NHS and social care requires an extra £12bn a year to recover from pandemic damage, IPPR report
An extra £12 billion a year investment is needed in the NHS and care system to try and recover the damage done by Covid-19, according to a report which looked at the impact of the pandemic.
Covid-19 has inflicted such damage on England’s health and care services that it has undone years of progress and threatens “decade of health disruption,” the Institute for Public Policy Research (IPPR) said in its State of Health and Care report.
There have been 31 million fewer GP appointments, which will be most concerning for people with long-term conditions, and an additional 4,500 avoidable cancer deaths are expected this year because of pandemic disruptions, the report found.
Checks on people with severe mental illnesses have fallen below a third of their target levels, resulting in 235,000 fewer people having been referred for psychological therapies.
It is suggested most of the 30,000 care home deaths in the first wave were largely avoidable and an additional 12,000 avoidable heart attacks and strokes are expected in the next five years due to Covid-19 disruptions to routine health services.
The IPPR says the severe strain being endured by the NHS in England can be tackled with an extra £2.2 billion per year for the next five years to try and pull back on the elective backlog and manage the mental health surge.
Just restoring England’s NHS to its pre-pandemic level is not enough, according to the IPPR, which calculates that a further £10.1 billion of annual investment would be needed on top of the £2.2 billion Covid-19 catch-up funding to help get it back on course to meet its own NHS Long Term Plan objectives.
The IPPR believes this spending should be funded by borrowing but taxes will need to rise in the future to fund the higher spending permanently.
The report offers costed solutions to the shrinking workforce, the crisis in care and fragmented health services, according to lead report author and IPPR research fellow Dr Parth Patel (pictured).
He said: “The NHS has been there for us, from outbreak to vaccine. Our blueprint for reform is the booster shot it now dearly needs.
“A decade of austerity left our NHS running at the top of its capacity, rather than the top of its game. As a result, the consequences of the pandemic on people suffering with illnesses such as cancer and depression have been huge. There is a real risk now that this damage embeds and the NHS falls further down international rankings.”
The IPPR is calling for at least £1.4 billion to enable an average pay rise of five per cent for NHS staff as an immediate priority along with the guarantee of a living wage for all care workers through government wage subsidy at a cost of £1 billion.
It also says that social care should be free at the point of need and internet costs should be reimbursed for those most in need.
Royal College of Nursing chief executive and general secretary Dame Donna Kinnair said “the government must take urgent action to retain the thousands of exhausted and over-worked nursing staff.”
She added: “We are clear this means investing in a 12.5% pay rise because more nursing staff will equal better patient safety.
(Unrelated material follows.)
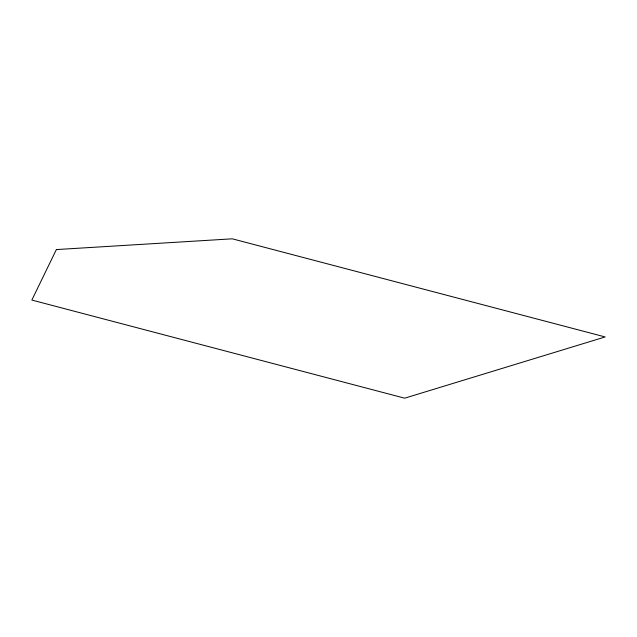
<?xml version="1.0" encoding="UTF-8"?>
<svg xmlns="http://www.w3.org/2000/svg" width="637" height="637" viewBox="0 0 637 637"><rect width="100%" height="100%" fill="white"/><g stroke="black" fill="none" stroke-linecap="round" stroke-linejoin="round"><path stroke-width="0.96" d="M56.374 249.569L31.85 300.059L404.678 398.181L605.15 336.941L232.322 238.819L56.374 249.569"/></g></svg>

“When the pandemic ends, services cannot be rebuilt better without the health and care professionals to operate them. Nursing staff must be at the heart of any recovery plans.”
Longer-term plans should include reforming health education, training and progression to develop a workforce with the right skills mix to meet future health needs, the IPPR findings state.
Upgrading ageing buildings as part of increased NHS infrastructure spending which also helps create more capacity is also needed.
It was suggested that increased integrated working between health, care and public health services would be helpful in improving outcomes and it is time for the NHS to get an upgrade of it digital infrastructure.
The report also calls for a long-term plan for social care that drives low quality providers out of the market, puts a cap on accommodation costs, shifts ownership back to public and voluntary sectors and brings care worker pay in line with NHS pay scales.
The report was launched as NHS leaders stated that staff burnout and a surge in mental illness are the post-pandemic challenges which they are most worried about.
These two issues were each feared by 44% of the 172 senior leaders in NHS agencies and local government who were questioned in a IPPR- commissioned poll.
There were 80% of NHS leaders who believed that social care reform will be “very important” if the NHS is to achieve the targets set out in the NHS Long Term Plan.